张明站起来,背对着小花,一句话都没说,就这么闷不吭声地走出了牢房。
月光从窗户照进来,落在小花脸上,眼泪顺着脸滑下来,“嗒”一声掉在地上。
她想哭,又不敢大声哭,心里又酸又慌。她的张郎,好像真的越来越陌生,越来越远了。
小花就那么盯着那堵严实的墙,发了好半天呆。
接下来该咋办?她到底还要不要帮张明?
没几天就到了上堂审问的日子。捕快打开牢门,端来酒菜放在她面前。
“赶紧吃吧,搞不好这就是最后一顿了。”
捕快走了,走远看不见了,小花才拿起碗筷。刚要吃,她突然想起前几天张明来牢里警告她的样子,心里一紧。

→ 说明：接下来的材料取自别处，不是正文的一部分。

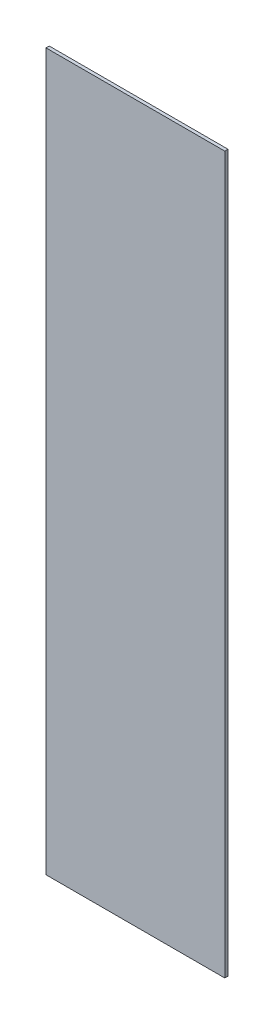
ISO-10303-21;
HEADER;
FILE_DESCRIPTION(('STEP AP214'),'2;1');
FILE_NAME('part.step','',(''),(''),'','','');
FILE_SCHEMA(('AUTOMOTIVE_DESIGN { 1 0 10303 214 1 1 1 1 }'));
ENDSEC;
DATA;
#1=APPLICATION_CONTEXT('core data for automotive mechanical design processes');
#2=APPLICATION_PROTOCOL_DEFINITION('international standard','automotive_design',2000,#1);
#3=PRODUCT_CONTEXT('',#1,'mechanical');
#4=PRODUCT('Part','Part','',(#3));
#5=PRODUCT_RELATED_PRODUCT_CATEGORY('part','',(#4));
#6=PRODUCT_DEFINITION_FORMATION('','',#4);
#7=PRODUCT_DEFINITION_CONTEXT('part definition',#1,'design');
#8=PRODUCT_DEFINITION('design','',#6,#7);
#9=PRODUCT_DEFINITION_SHAPE('','',#8);
#10=(LENGTH_UNIT() NAMED_UNIT(*) SI_UNIT(.MILLI.,.METRE.));
#11=(NAMED_UNIT(*) PLANE_ANGLE_UNIT() SI_UNIT($,.RADIAN.));
#12=(NAMED_UNIT(*) SI_UNIT($,.STERADIAN.) SOLID_ANGLE_UNIT());
#13=UNCERTAINTY_MEASURE_WITH_UNIT(LENGTH_MEASURE(1.E-05),#10,'distance_accuracy_value','');
#14=(GEOMETRIC_REPRESENTATION_CONTEXT(3) GLOBAL_UNCERTAINTY_ASSIGNED_CONTEXT((#13)) GLOBAL_UNIT_ASSIGNED_CONTEXT((#10,
#11,#12)) REPRESENTATION_CONTEXT('',''));
#15=CARTESIAN_POINT('',(0.,0.,0.));
#16=DIRECTION('',(0.,0.,1.));
#17=DIRECTION('',(1.,0.,0.));
#18=AXIS2_PLACEMENT_3D('',#15,#16,#17);
#19=CARTESIAN_POINT('',(0.,0.,1.5));
#20=DIRECTION('',(1.,0.,0.));
#21=DIRECTION('',(0.,0.,-1.));
#22=AXIS2_PLACEMENT_3D('',#19,#20,#21);
#23=PLANE('',#22);
#24=DIRECTION('',(0.,-1.,0.));
#25=VECTOR('',#24,1.);
#26=CARTESIAN_POINT('',(0.,0.,0.));
#27=LINE('',#26,#25);
#28=CARTESIAN_POINT('',(0.,332.5,0.));
#29=VERTEX_POINT('',#28);
#30=CARTESIAN_POINT('',(0.,0.,0.));
#31=VERTEX_POINT('',#30);
#32=EDGE_CURVE('E103',#29,#31,#27,.T.);
#33=ORIENTED_EDGE('',*,*,#32,.T.);
#34=DIRECTION('',(0.,0.,-1.));
#35=VECTOR('',#34,1.);
#36=CARTESIAN_POINT('',(0.,0.,1.5));
#37=LINE('',#36,#35);
#38=CARTESIAN_POINT('',(0.,0.,1.5));
#39=VERTEX_POINT('',#38);
#40=EDGE_CURVE('E11',#39,#31,#37,.T.);
#41=ORIENTED_EDGE('',*,*,#40,.F.);
#42=DIRECTION('',(0.,-1.,0.));
#43=VECTOR('',#42,1.);
#44=CARTESIAN_POINT('',(0.,0.,1.5));
#45=LINE('',#44,#43);
#46=CARTESIAN_POINT('',(0.,332.5,1.5));
#47=VERTEX_POINT('',#46);
#48=EDGE_CURVE('E91',#47,#39,#45,.T.);
#49=ORIENTED_EDGE('',*,*,#48,.F.);
#50=DIRECTION('',(0.,0.,-1.));
#51=VECTOR('',#50,1.);
#52=CARTESIAN_POINT('',(0.,332.5,1.5));
#53=LINE('',#52,#51);
#54=EDGE_CURVE('E99',#47,#29,#53,.T.);
#55=ORIENTED_EDGE('',*,*,#54,.T.);
#56=EDGE_LOOP('',(#33,#41,#49,#55));
#57=FACE_BOUND('',#56,.T.);
#58=ADVANCED_FACE('F40',(#57),#23,.F.);
#59=CARTESIAN_POINT('',(0.,0.,1.5));
#60=DIRECTION('',(0.,1.,0.));
#61=DIRECTION('',(0.,0.,1.));
#62=AXIS2_PLACEMENT_3D('',#59,#60,#61);
#63=PLANE('',#62);
#64=DIRECTION('',(1.,0.,0.));
#65=VECTOR('',#64,1.);
#66=CARTESIAN_POINT('',(0.,0.,0.));
#67=LINE('',#66,#65);
#68=CARTESIAN_POINT('',(83.,0.,0.));
#69=VERTEX_POINT('',#68);
#70=EDGE_CURVE('E95',#31,#69,#67,.T.);
#71=ORIENTED_EDGE('',*,*,#70,.T.);
#72=DIRECTION('',(0.,0.,-1.));
#73=VECTOR('',#72,1.);
#74=CARTESIAN_POINT('',(83.,0.,1.5));
#75=LINE('',#74,#73);
#76=CARTESIAN_POINT('',(83.,0.,1.5));
#77=VERTEX_POINT('',#76);
#78=EDGE_CURVE('E48',#77,#69,#75,.T.);
#79=ORIENTED_EDGE('',*,*,#78,.F.);
#80=DIRECTION('',(1.,0.,0.));
#81=VECTOR('',#80,1.);
#82=CARTESIAN_POINT('',(0.,0.,1.5));
#83=LINE('',#82,#81);
#84=EDGE_CURVE('E86',#39,#77,#83,.T.);
#85=ORIENTED_EDGE('',*,*,#84,.F.);
#86=ORIENTED_EDGE('',*,*,#40,.T.);
#87=EDGE_LOOP('',(#71,#79,#85,#86));
#88=FACE_BOUND('',#87,.T.);
#89=ADVANCED_FACE('F94',(#88),#63,.F.);
#90=CARTESIAN_POINT('',(83.,0.,1.5));
#91=DIRECTION('',(-1.,0.,0.));
#92=DIRECTION('',(0.,0.,1.));
#93=AXIS2_PLACEMENT_3D('',#90,#91,#92);
#94=PLANE('',#93);
#95=DIRECTION('',(0.,1.,0.));
#96=VECTOR('',#95,1.);
#97=CARTESIAN_POINT('',(83.,0.,0.));
#98=LINE('',#97,#96);
#99=CARTESIAN_POINT('',(83.,332.5,0.));
#100=VERTEX_POINT('',#99);
#101=EDGE_CURVE('E73',#69,#100,#98,.T.);
#102=ORIENTED_EDGE('',*,*,#101,.T.);
#103=DIRECTION('',(0.,0.,-1.));
#104=VECTOR('',#103,1.);
#105=CARTESIAN_POINT('',(83.,332.5,1.5));
#106=LINE('',#105,#104);
#107=CARTESIAN_POINT('',(83.,332.5,1.5));
#108=VERTEX_POINT('',#107);
#109=EDGE_CURVE('E96',#108,#100,#106,.T.);
#110=ORIENTED_EDGE('',*,*,#109,.F.);
#111=DIRECTION('',(0.,1.,0.));
#112=VECTOR('',#111,1.);
#113=CARTESIAN_POINT('',(83.,0.,1.5));
#114=LINE('',#113,#112);
#115=EDGE_CURVE('E89',#77,#108,#114,.T.);
#116=ORIENTED_EDGE('',*,*,#115,.F.);
#117=ORIENTED_EDGE('',*,*,#78,.T.);
#118=EDGE_LOOP('',(#102,#110,#116,#117));
#119=FACE_BOUND('',#118,.T.);
#120=ADVANCED_FACE('F97',(#119),#94,.F.);
#121=CARTESIAN_POINT('',(0.,332.5,1.5));
#122=DIRECTION('',(0.,-1.,0.));
#123=DIRECTION('',(0.,0.,-1.));
#124=AXIS2_PLACEMENT_3D('',#121,#122,#123);
#125=PLANE('',#124);
#126=DIRECTION('',(-1.,0.,0.));
#127=VECTOR('',#126,1.);
#128=CARTESIAN_POINT('',(0.,332.5,0.));
#129=LINE('',#128,#127);
#130=EDGE_CURVE('E79',#100,#29,#129,.T.);
#131=ORIENTED_EDGE('',*,*,#130,.T.);
#132=ORIENTED_EDGE('',*,*,#54,.F.);
#133=DIRECTION('',(-1.,0.,0.));
#134=VECTOR('',#133,1.);
#135=CARTESIAN_POINT('',(0.,332.5,1.5));
#136=LINE('',#135,#134);
#137=EDGE_CURVE('E56',#108,#47,#136,.T.);
#138=ORIENTED_EDGE('',*,*,#137,.F.);
#139=ORIENTED_EDGE('',*,*,#109,.T.);
#140=EDGE_LOOP('',(#131,#132,#138,#139));
#141=FACE_BOUND('',#140,.T.);
#142=ADVANCED_FACE('F110',(#141),#125,.F.);
#143=CARTESIAN_POINT('',(0.,0.,1.5));
#144=DIRECTION('',(0.,0.,-1.));
#145=DIRECTION('',(-1.,0.,0.));
#146=AXIS2_PLACEMENT_3D('',#143,#144,#145);
#147=PLANE('',#146);
#148=ORIENTED_EDGE('',*,*,#48,.T.);
#149=ORIENTED_EDGE('',*,*,#84,.T.);
#150=ORIENTED_EDGE('',*,*,#115,.T.);
#151=ORIENTED_EDGE('',*,*,#137,.T.);
#152=EDGE_LOOP('',(#148,#149,#150,#151));
#153=FACE_BOUND('',#152,.T.);
#154=ADVANCED_FACE('F87',(#153),#147,.F.);
#155=CARTESIAN_POINT('',(0.,0.,0.));
#156=DIRECTION('',(0.,0.,-1.));
#157=DIRECTION('',(-1.,0.,0.));
#158=AXIS2_PLACEMENT_3D('',#155,#156,#157);
#159=PLANE('',#158);
#160=ORIENTED_EDGE('',*,*,#32,.F.);
#161=ORIENTED_EDGE('',*,*,#130,.F.);
#162=ORIENTED_EDGE('',*,*,#101,.F.);
#163=ORIENTED_EDGE('',*,*,#70,.F.);
#164=EDGE_LOOP('',(#160,#161,#162,#163));
#165=FACE_BOUND('',#164,.T.);
#166=ADVANCED_FACE('F113',(#165),#159,.T.);
#167=CLOSED_SHELL('',(#58,#89,#120,#142,#154,#166));
#168=MANIFOLD_SOLID_BREP('B2',#167);
#169=ADVANCED_BREP_SHAPE_REPRESENTATION('',(#18,#168),#14);
#170=SHAPE_DEFINITION_REPRESENTATION(#9,#169);
ENDSEC;
END-ISO-10303-21;

她赶紧从发簪上拔下藏好的银针,先试了米饭,无事发生,又试了菜,也没事,可那银针一插进酒里,银针立马就变颜色了。
这人也太阴了。
不在饭里下毒,专等她吃饱喝足、口渴的时候,不知不觉把酒喝下去。
张郎,你心也太狠了。
小花压着心里的凉,装作没事人一样,慢慢吃起饭来。
果然,刚才走了的捕快又折回来,从门缝里看见她在吃饭,才放心走了。
没过一会儿,公堂上传来喊声:
“威武——威武——威武——”
“带犯人小花上堂!”
小花被衙役押上去,荣善宝和陆江来站在一边等着。
荣筠书和荣善长也来了,挤不到前面,就在人群里看热闹。
张明咳嗽一声,跟递眼神的捕快对了个眼色,一拍桌子就吼:“猫妖案藏毒的事,大夫都验出毒了,你家也搜遍了,人证物证都在,你认不认罪?”
小花看着堂上装模作样的张明,心彻底凉了。
他这是要把她推出去顶罪,自己撇干净?
她偏不让。要死一起死,要下地狱也拉着他作伴。
小花突然对着张明笑了,笑得让人后背发凉,堂上的人都起了一身鸡皮疙瘩。
“大人,我有话要说。”小花抬着头,语气很平静,却带着豁出去的狠劲,“之前我没说实话,求大人给我一个机会。”
张明脸色一下就变了,脑子里飞快打转,想赶紧结案。
结果旁边另一个官员开口:“张大人先等等,听听她要说啥。”
张明捏着令牌的手松了松,冷着脸说:“行,我倒要看看你能说出什么花样。”
他早就叫人在酒里下了毒,算算时间,再过半个时辰小花就得毒发,到时候死无对证。
拖一会儿也无所谓。
小花从贴身的衣服里掏出个小布包,拿出一根红绳,还有一封字迹工整的情诗,举得高高的:“我要举报张明!他滥用职权,无法无天!这猫妖案,主谋根本不止我一个!”
张明脸色一沉,眼睛死死盯着小花,手紧紧攥成拳头。
这一幕把荣善宝和陆江来都看愣了。
他俩本来还打算在旁边敲边鼓,逼小花说实话,没想到她自己直接反水了。
两人对视一眼,都明白这案子,马上就要翻过来了。
“呈上来。”
衙役赶紧走过去,把东西拿上去递给堂上的大人。
大人拿起来仔细看,红绳虽说算不得什么实锤,可那情诗上的字,跟张明的笔迹一模一样,根本赖不掉。